How to complete this task:
Each line of the records below that contains "Keypad" needs to be copied.
[Records shown — start]
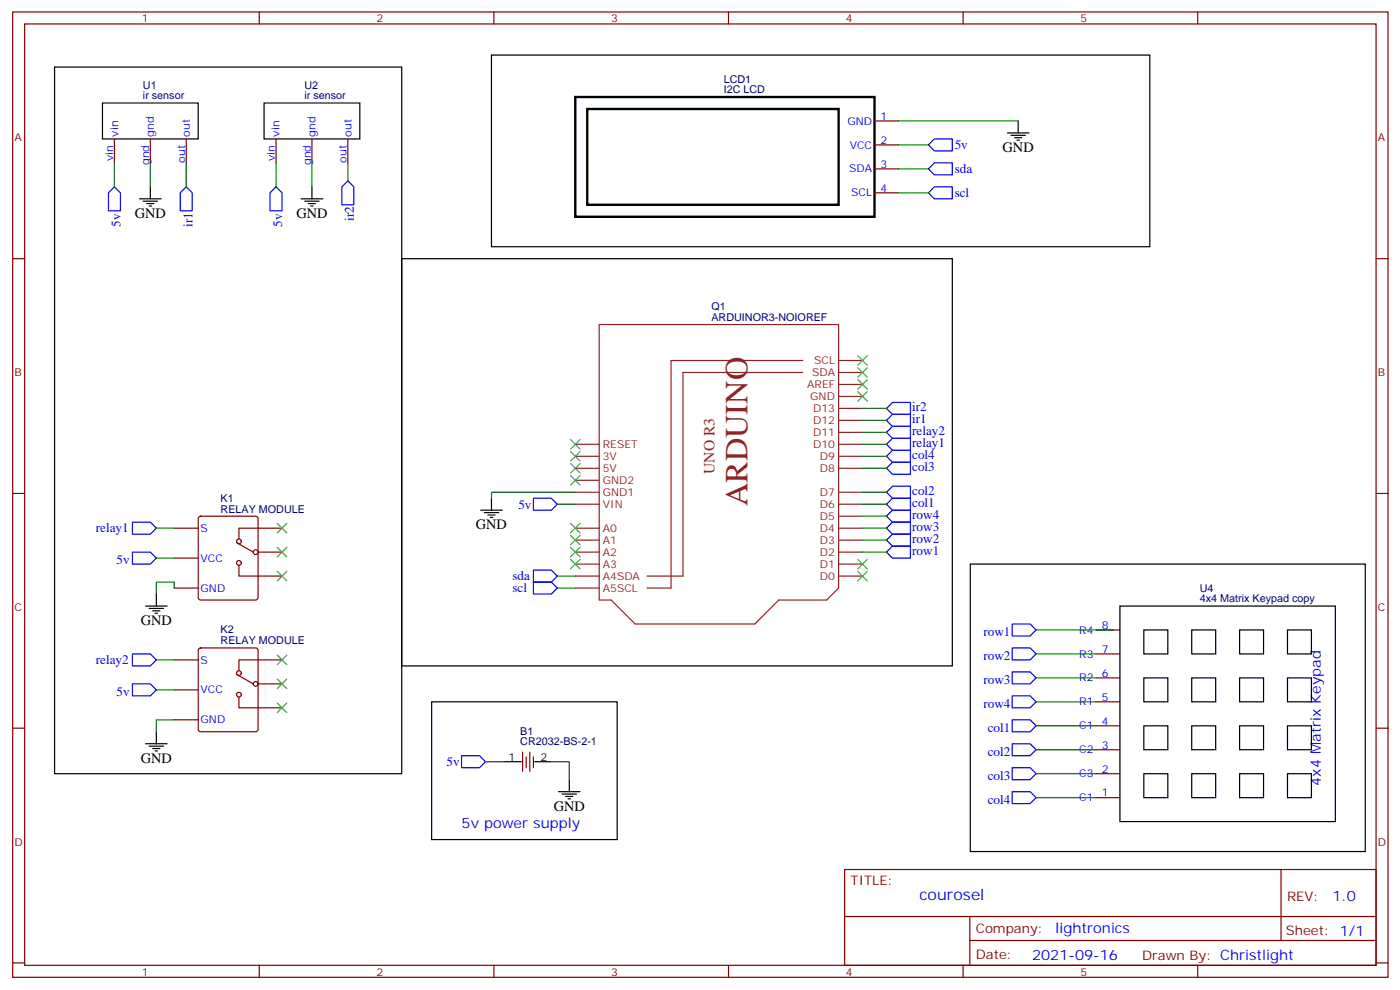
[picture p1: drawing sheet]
<svg xmlns="http://www.w3.org/2000/svg" width="413mm" height="292mm" viewBox="0 0 413 292" stroke-linecap="round" stroke-linejoin="round" font-family="sans-serif">
<g fill="none" stroke="#870000" stroke-width=".35">
<path d="M3.7 3.5h405.4v284.4h-405.4zM7.3 7.1h398.3v277.2h-398.3zM76.4 3.5v3.6M145.6 3.5v3.6M214.7 3.5v3.6M283.8 3.5v3.6M353 3.5v3.6M257.7 35.6h7.1M33.7 40.9v7.1M44.3 40.9v7.1M54.9 40.9v7.1M81.4 40.9v7.1"/>
<path d="M91.9 40.9v7.1M102.5 40.9v7.1M257.7 42.7h7.1M257.7 49.7h7.1M257.7 56.8h7.1M3.7 76.2h3.6M405.6 76.2h3.5M3.7 145.3h3.6M51.4 155.6h7M58.7 152.3l.4-.3h16.3l.5 .3 .2 .5v23.2l-.3 .5-.4 .2h-16.3l-.5-.2-.2-.5v-23.2zM69.7 159.8l4.9 2.8M83.1 155.6h-12.7v3.1"/>
<path d="M405.6 145.3h3.5M51.4 164.4h7M51.4 173.2h7M70.4 166.5v3.2h12.7M76.1 162.6h7M51.4 194.4h7M58.7 191.1l.4-.2h16.3l.5 .2 .2 .5v23.2l-.3 .5-.4 .2h-16.3l-.5-.2-.2-.5v-23.2zM69.7 198.6l4.9 2.8M83.1 194.4h-12.7v3.2M323 199.7h7.1M323 192.6h7.1M323 185.6h7.1"/>
<path d="M3.7 214.5h3.6M51.4 203.2h7M51.4 212h7M70.4 205.3v3.2h12.7M76.1 201.4h7M323 213.8h7.1M323 206.7h7.1M405.6 214.5h3.5M154 221.5v5.7M155.1 223v3.1M156.1 221.5v5.7M157.2 223v3.1"/>
<path d="M323 234.9h7.1M323 227.9h7.1M323 220.8h7.1M248.9 256.1h156.7v28.2h-156.7zM377.5 256.1l.1 20.9M249 270h156.4M285.8 277h119.6M285.8 270v14.1M3.7 283.6h3.6M76.4 284.3v3.6M145.6 284.3v3.6M214.7 284.3v3.6"/>
<path d="M283.8 284.3v3.6M353 284.3v3.6M405.6 283.6h3.5"/>
<circle cx="70.4" cy="159.5" r=".71"/>
<circle cx="70.4" cy="165.8" r=".71"/>
<circle cx="75.4" cy="162.6" r=".71"/>
<circle cx="70.4" cy="198.3" r=".71"/>
<circle cx="70.4" cy="204.6" r=".71"/>
<circle cx="75.4" cy="201.4" r=".71"/>
</g>
<g fill="none" stroke="#8c2424" stroke-width=".35">
<path d="M176.6 95.6h70.6v77.6l-3.6 3.5h-14.1l-7 7.1h-35.3l-7.1-7.1h-3.5zM236.6 106.2h-38.8v67h-7.1M236.6 109.7h-35.3v60h-10.6M247.2 106.2h7M247.2 109.7h7M247.2 116.8h7M247.2 113.2h7M169.5 137.9h7.1M169.5 134.4h7.1M169.5 130.9h7.1M247.2 137.9h7M247.2 134.4h7"/>
<path d="M247.2 130.9h7M247.2 127.4h7M247.2 123.8h7M247.2 120.3h7M169.5 159.1h7.1M169.5 155.6h7.1M169.5 148.5h7.1M169.5 145h7.1M169.5 141.5h7.1M247.2 159.1h7M247.2 155.6h7M247.2 152h7"/>
<path d="M247.2 148.5h7M247.2 145h7M169.5 173.2h7.1M169.5 169.7h7.1M169.5 166.2h7.1M169.5 162.6h7.1M247.2 169.7h7M247.2 166.2h7M247.2 162.6h7"/>
</g>
<g fill="none" stroke="#000" stroke-width=".35">
<path d="M16.1 19.8h102.3v208.1h-102.3zM144.9 16.2h194v56.5h-194zM30.2 30.3h28.2v10.6h-28.2zM77.8 30.3h28.2v10.6h-28.2zM296.9 39.2h6.3M298 39.9h4.2M300.1 35.6v3.6M41.1 58.6h6.4M42.2 59.3h4.2M43.3 60h2.1M44.3 55v3.6M88.8 58.6h6.3"/>
<path d="M89.8 59.3h4.3M90.9 60h2.1M91.9 55v3.6M299 40.6h2.1M299.7 41.3h.7M44 60.7h.7M91.6 60.7h.7M118.4 76.2h162.3v119.9h-162.3zM141.7 150.3h6.3M142.7 151h4.3M143.8 151.7h2.1M144.5 152.4h.7"/>
<path d="M144.9 146.8v3.5M42.9 178.5h6.3M44 179.2h4.2M45 179.9h2.1M46.1 175v3.5M286 166.2h116.4v84.6h-116.4zM330.1 178.5h63.5v63.5h-63.5zM45.7 180.6h.7M337.1 199.7h7.1v7h-7.1zM337.1 185.6h7.1v7h-7.1zM351.2 199.7h7.1v7h-7.1zM351.2 185.6h7.1v7h-7.1z"/>
<path d="M365.3 199.7h7.1v7h-7.1zM365.3 185.6h7.1v7h-7.1zM379.4 199.7h7.1v7h-7.1zM379.4 185.6h7.1v7h-7.1zM42.9 219.1h6.3M44 219.8h4.2M46.1 215.5v3.6M127.2 206.7h54.7v40.6h-54.7zM337.1 213.8h7.1v7h-7.1zM351.2 213.8h7.1v7h-7.1zM365.3 213.8h7.1v7h-7.1zM379.4 213.8h7.1v7h-7.1z"/>
<path d="M45 220.5h2.1M45.7 221.2h.7M148.4 224.4h5.3M157.6 224.4h4.9M164.6 233.2h6.4M165.7 233.9h4.2M166.7 234.6h2.1M167.4 235.3h.7M167.8 229.7v3.5M337.1 227.9h7.1v7h-7.1zM351.2 227.9h7.1v7h-7.1zM365.3 227.9h7.1v7h-7.1z"/>
<path d="M379.4 227.9h7.1v7h-7.1z"/>
</g>
<g fill="none" stroke="#00f" stroke-width=".35">
<path d="M33.7 55l1.8 1.8v5.3h-3.5v-5.3zM54.9 55l1.8 1.8v5.3h-3.6v-5.3zM81.4 55l1.7 1.8v5.3h-3.5v-5.3zM102.5 53.3l1.8 1.7v5.3h-3.5v-5.3zM273.6 56.8l1.8-1.8h5.3v3.6h-5.3zM273.6 49.7l1.8-1.7h5.3v3.5h-5.3zM273.6 42.7l1.8-1.8h5.3v3.5h-5.3zM261.3 137.9l1.7-1.7h5.3v3.5h-5.3zM261.3 134.4l1.7-1.8h5.3v3.6h-5.3zM261.3 130.9l1.7-1.8h5.3v3.5h-5.3zM261.3 127.4l1.7-1.8h5.3v3.5h-5.3zM261.3 123.8l1.7-1.7h5.3v3.5h-5.3z"/>
<path d="M261.3 120.3l1.7-1.8h5.3v3.6h-5.3zM39 153.8h5.3l1.8 1.8-1.8 1.7h-5.3zM157.2 146.8h5.3l1.8 1.7-1.8 1.8h-5.3zM261.3 159.1l1.7-1.8h5.3v3.6h-5.3zM261.3 155.6l1.7-1.8h5.3v3.5h-5.3zM261.3 152l1.7-1.7h5.3v3.5h-5.3zM261.3 148.5l1.7-1.7h5.3v3.5h-5.3zM261.3 145l1.7-1.8h5.3v3.6h-5.3zM39 162.6h5.3l1.8 1.8-1.8 1.8h-5.3zM157.2 167.9h5.3l1.8 1.8-1.8 1.7h-5.3zM157.2 171.4h5.3l1.8 1.8-1.8 1.8h-5.3zM261.3 162.6l1.7-1.7h5.3v3.5h-5.3z"/>
<path d="M39 192.6h5.3l1.8 1.8-1.8 1.7h-5.3zM298.3 183.8h5.3l1.8 1.8-1.8 1.7h-5.3zM298.3 190.9h5.3l1.8 1.7-1.8 1.8h-5.3zM298.3 197.9h5.3l1.8 1.8-1.8 1.7h-5.3zM39 201.4h5.3l1.8 1.8-1.8 1.8h-5.3zM298.3 205h5.3l1.8 1.7-1.8 1.8h-5.3zM298.3 212h5.3l1.8 1.8-1.8 1.7h-5.3zM298.3 219.1h5.3l1.8 1.7-1.8 1.8h-5.3zM136 222.6h5.3l1.8 1.8-1.8 1.7h-5.3zM298.3 226.1h5.3l1.8 1.8-1.8 1.8h-5.3zM298.3 233.2h5.3l1.8 1.7-1.8 1.8h-5.3z"/>
</g>
<g fill="none" stroke="#008700" stroke-width=".35">
<path d="M264.8 35.6h35.3M33.7 48v7M44.3 48v7M54.9 48v7M81.4 48v7M91.9 48v7M102.5 48v5.3M264.8 42.7h8.8M264.8 49.7h8.8M264.8 56.8h8.8M254.2 137.9h7.1M254.2 134.4h7.1"/>
<path d="M254.2 127.4h7.1M254.2 130.9h7.1M254.2 120.3h7.1M254.2 123.8h7.1M46.1 155.6h5.3M164.3 148.5h5.2M169.5 145h-24.6v1.8M254.2 159.1h7.1M254.2 155.6h7.1M254.2 152h7.1M254.2 148.5h7.1M254.2 145h7.1"/>
<path d="M46.1 164.4h5.3M51.4 173.2v-1.8h-5.3v3.6M164.3 169.7h5.2M164.3 173.2h5.2M254.2 162.6h7.1M46.1 194.4h5.3M305.4 185.6h22.9M305.4 192.6h17.6M305.4 199.7h17.6M46.1 203.2h5.3M51.4 212h-5.3v3.5M305.4 213.8h17.6"/>
<path d="M305.4 206.7h17.6M143.1 224.4h5.3M162.5 224.4h5.3v5.3M305.4 220.8h17.6M305.4 227.9h17.6M305.4 234.9h17.6"/>
</g>
<path d="M169.5 28.6h88.2v35.3h-88.2zM173.1 32.1h74.1v28.2h-74.1z" fill="none" stroke="#000" stroke-width=".71"/>
<g fill="none" stroke="#3c3" stroke-width=".35">
<path d="M252.8 104.8l2.8 2.8M252.8 108.3l2.8 2.8M252.8 111.8l2.8 2.9M252.8 115.4l2.8 2.8M255.6 104.8l-2.8 2.8M255.6 108.3l-2.8 2.8M255.6 111.8l-2.8 2.9M255.6 115.4l-2.8 2.8M168.1 129.5l2.9 2.8M168.1 133l2.9 2.8M168.1 136.5l2.9 2.8M171 129.5l-2.9 2.8"/>
<path d="M171 133l-2.9 2.8M171 136.5l-2.9 2.8M81.7 154.2l2.8 2.8M84.5 154.2l-2.8 2.8M168.1 140.1l2.9 2.8M168.1 154.2l2.9 2.8M168.1 157.7l2.9 2.8M171 140.1l-2.9 2.8M171 154.2l-2.9 2.8M171 157.7l-2.9 2.8M81.7 161.2l2.8 2.8M81.7 168.3l2.8 2.8"/>
<path d="M84.5 161.2l-2.8 2.8M84.5 168.3l-2.8 2.8M168.1 161.2l2.9 2.8M168.1 164.7l2.9 2.9M171 161.2l-2.9 2.8M171 164.7l-2.9 2.9M252.8 168.3l2.8 2.8M252.8 164.7l2.8 2.9M255.6 168.3l-2.8 2.8M255.6 164.7l-2.8 2.9M81.7 193l2.8 2.8M84.5 193l-2.8 2.8"/>
<path d="M81.7 207.1l2.8 2.8M81.7 200l2.8 2.8M84.5 207.1l-2.8 2.8M84.5 200l-2.8 2.8"/>
</g>
<text font-size="9.5" fill="#8d2323" x="220.3" y="149.1" transform="rotate(-90 220.3 149.1)">ARDUINO</text>
<text font-size="4.6" fill="#8d2323" x="210.6" y="139.6" transform="rotate(-90 210.6 139.6)">UNO R3</text>
<text font-size="4.6" fill="#00f" x="271" y="265.1">courosel</text>
<g font-size="4.2">
<text x="295.5" y="44.8">GND</text>
<text x="39.7" y="64.2">GND</text>
<text x="87.3" y="64.2">GND</text>
<text x="140.3" y="155.9">GND</text>
<text x="41.5" y="184.1">GND</text>
<text x="41.5" y="224.7">GND</text>
<text x="163.2" y="238.8">GND</text>
</g>
<g font-size="4.2" fill="#00f">
<text x="389.3" y="231.4" transform="rotate(-90 389.3 231.4)">4x4 Matrix Keypad</text>
<text x="136" y="243.8">5v power supply</text>
<text x="392.7" y="265.4">1.0</text>
<text x="311.1" y="274.9">lightronics</text>
<text x="304.2" y="282.7">2021-09-16</text>
</g>
<g font-size="3.9" fill="#00f">
<text x="281.4" y="44">5v</text>
<text x="281.4" y="51.1">sda</text>
<text x="281.4" y="58.1">scl</text>
<text x="104.3" y="65" transform="rotate(-90 104.3 65)">ir2</text>
<text x="35.5" y="66.8" transform="rotate(-90 35.5 66.8)">5v</text>
<text x="56.7" y="66.8" transform="rotate(-90 56.7 66.8)">ir1</text>
<text x="83.1" y="66.8" transform="rotate(-90 83.1 66.8)">5v</text>
<text x="268.8" y="124.6">ir1</text>
<text x="268.8" y="121">ir2</text>
<text x="268.8" y="131.6">relay1</text>
<text x="268.8" y="128.1">relay2</text>
<text x="268.8" y="135.1">col4</text>
<text x="268.8" y="138.7">col3</text>
<text x="152.8" y="149.8">5v</text>
<text x="268.8" y="149.3">col1</text>
<text x="268.8" y="145.7">col2</text>
<text x="268.8" y="152.8">row4</text>
<text x="28.3" y="156.8">relay1</text>
<text x="268.8" y="159.8">row2</text>
<text x="268.8" y="156.3">row3</text>
<text x="34.3" y="166.2">5v</text>
<text x="268.8" y="163.4">row1</text>
<text x="151" y="171">sda</text>
<text x="151" y="174.5">scl</text>
<text x="289.8" y="187.3">row1</text>
<text x="28.3" y="195.7">relay2</text>
<text x="289.8" y="194.4">row2</text>
<text x="289.8" y="201.4">row3</text>
<text x="34.3" y="205">5v</text>
<text x="289.8" y="208.5">row4</text>
<text x="291.1" y="215.5">col1</text>
<text x="131.6" y="225.6">5v</text>
<text x="291.1" y="222.6">col2</text>
<text x="291.1" y="229.7">col3</text>
<text x="291.1" y="236.7">col4</text>
</g>
<g font-size="3.9" fill="#800">
<text x="250.7" y="260.7">TITLE:</text>
<text x="379.3" y="265.4">REV:</text>
<text x="287.6" y="274.9">Company:</text>
<text x="379" y="275.5">Sheet: 1/1</text>
<text x="287.6" y="282.6">Date:</text>
<text x="336.6" y="282.7">Drawn By: Christlight</text>
</g>
<g font-size="3.2" fill="#800">
<text x="41.8" y="6.5">1</text>
<text x="111" y="6.5">2</text>
<text x="180.1" y="6.5">3</text>
<text x="249.3" y="6.5">4</text>
<text x="318.4" y="6.5">5</text>
<text x="4.3" y="41.6">A</text>
<text x="406.1" y="41.6">A</text>
<text x="4.3" y="110.8">B</text>
<text x="406.1" y="110.8">B</text>
<text x="4.3" y="179.9">C</text>
<text x="406.1" y="179.9">C</text>
<text x="4.3" y="249.1">D</text>
<text x="406.1" y="249.1">D</text>
<text x="41.8" y="287.3">1</text>
<text x="111" y="287.3">2</text>
<text x="180.1" y="287.3">3</text>
<text x="249.3" y="287.3">4</text>
<text x="318.4" y="287.3">5</text>
</g>
<g font-size="3.2" fill="#000080">
<text x="42.1" y="29.3">ir sensor</text>
<text x="42.1" y="26.2">U1</text>
<text x="89.8" y="29.3">ir sensor</text>
<text x="89.8" y="26.2">U2</text>
<text x="213.3" y="27.5">I2C LCD</text>
<text x="213.3" y="24.4">LCD1</text>
<text x="209.7" y="94.5">ARDUINOR3-NOIOREF</text>
<text x="209.7" y="91.3">Q1</text>
<text x="65" y="147.8">K1</text>
<text x="65" y="151">RELAY MODULE</text>
<text x="353.6" y="177.4">4x4 Matrix Keypad copy</text>
<text x="353.6" y="174.4">U4</text>
<text x="65" y="189.8">RELAY MODULE</text>
<text x="65" y="186.6">K2</text>
<text x="153.3" y="219.6">CR2032-BS-2-1</text>
<text x="153.3" y="216.5">B1</text>
</g>
<g font-size="3.2" fill="#00f">
<text x="259.5" y="35.3">1</text>
<text x="34.8" y="40.2" transform="rotate(-90 34.8 40.2)">vin</text>
<text x="45.4" y="40.2" transform="rotate(-90 45.4 40.2)">gnd</text>
<text x="56" y="40.2" transform="rotate(-90 56 40.2)">out</text>
<text x="82.4" y="40.2" transform="rotate(-90 82.4 40.2)">vin</text>
<text x="93" y="40.2" transform="rotate(-90 93 40.2)">gnd</text>
<text x="103.6" y="40.2" transform="rotate(-90 103.6 40.2)">out</text>
<text x="249.8" y="36.7">GND</text>
<text x="33.4" y="47.4" transform="rotate(-90 33.4 47.4)">vin</text>
<text x="54.5" y="47.9" transform="rotate(-90 54.5 47.9)">out</text>
<text x="81" y="47.4" transform="rotate(-90 81 47.4)">vin</text>
<text x="102.2" y="47.9" transform="rotate(-90 102.2 47.9)">out</text>
<text x="250.4" y="43.7">VCC</text>
<text x="259.5" y="42.3">2</text>
<text x="44" y="48.6" transform="rotate(-90 44 48.6)">gnd</text>
<text x="91.6" y="48.6" transform="rotate(-90 91.6 48.6)">gnd</text>
<text x="250.3" y="50.8">SDA</text>
<text x="259.5" y="49.4">3</text>
<text x="250.9" y="57.9">SCL</text>
<text x="259.5" y="56.4">4</text>
<text x="59.1" y="156.6">S</text>
<text x="59.1" y="165.5">VCC</text>
<text x="59.1" y="174.3">GND</text>
<text x="324.8" y="185.2">8</text>
<text x="318.1" y="186.6">R4</text>
<text x="59.1" y="195.4">S</text>
<text x="318.1" y="193.7">R3</text>
<text x="324.8" y="192.3">7</text>
<text x="318.1" y="200.7">R2</text>
<text x="324.8" y="199.3">6</text>
<text x="59.1" y="204.3">VCC</text>
<text x="318.1" y="207.8">R1</text>
<text x="324.8" y="206.4">5</text>
<text x="59.1" y="213.1">GND</text>
<text x="318.1" y="214.8">C1</text>
<text x="324.8" y="213.4">4</text>
<text x="318.1" y="221.9">C2</text>
<text x="324.8" y="220.5">3</text>
<text x="324.8" y="227.5">2</text>
<text x="318.1" y="229">C3</text>
<text x="318.1" y="236">C1</text>
<text x="324.8" y="234.6">1</text>
</g>
<g font-size="3.2" fill="#8d2323">
<text x="239.9" y="107.2">SCL</text>
<text x="239.3" y="110.8">SDA</text>
<text x="237.9" y="114.3">AREF</text>
<text x="238.8" y="117.8">GND</text>
<text x="239.6" y="124.9">D12</text>
<text x="239.6" y="121.4">D13</text>
<text x="177.7" y="131.9">RESET</text>
<text x="239.6" y="131.9">D10</text>
<text x="239.6" y="128.4">D11</text>
<text x="177.7" y="135.5">3V</text>
<text x="241.6" y="135.5">D9</text>
<text x="177.7" y="142.5">GND2</text>
<text x="177.7" y="139">5V</text>
<text x="241.6" y="139">D8</text>
<text x="177.7" y="149.6">VIN</text>
<text x="177.7" y="146">GND1</text>
<text x="241.6" y="149.6">D6</text>
<text x="241.6" y="146">D7</text>
<text x="241.6" y="153.1">D5</text>
<text x="177.7" y="160.2">A1</text>
<text x="177.7" y="156.6">A0</text>
<text x="241.6" y="160.2">D3</text>
<text x="241.6" y="156.6">D4</text>
<text x="177.7" y="167.2">A3</text>
<text x="177.7" y="163.7">A2</text>
<text x="241.6" y="167.2">D1</text>
<text x="241.6" y="163.7">D2</text>
<text x="177.7" y="170.7">A4SDA</text>
<text x="241.6" y="170.7">D0</text>
<text x="177.7" y="174.3">A5SCL</text>
</g>
<g font-size="3.2">
<text x="149.9" y="224">1</text>
<text x="159.3" y="224">2</text>
</g>
</svg>
[Records shown — finish]
Exercise answer:
<text x="389.3" y="231.4" transform="rotate(-90 389.3 231.4)">4x4 Matrix Keypad</text>
<text x="353.6" y="177.4">4x4 Matrix Keypad copy</text>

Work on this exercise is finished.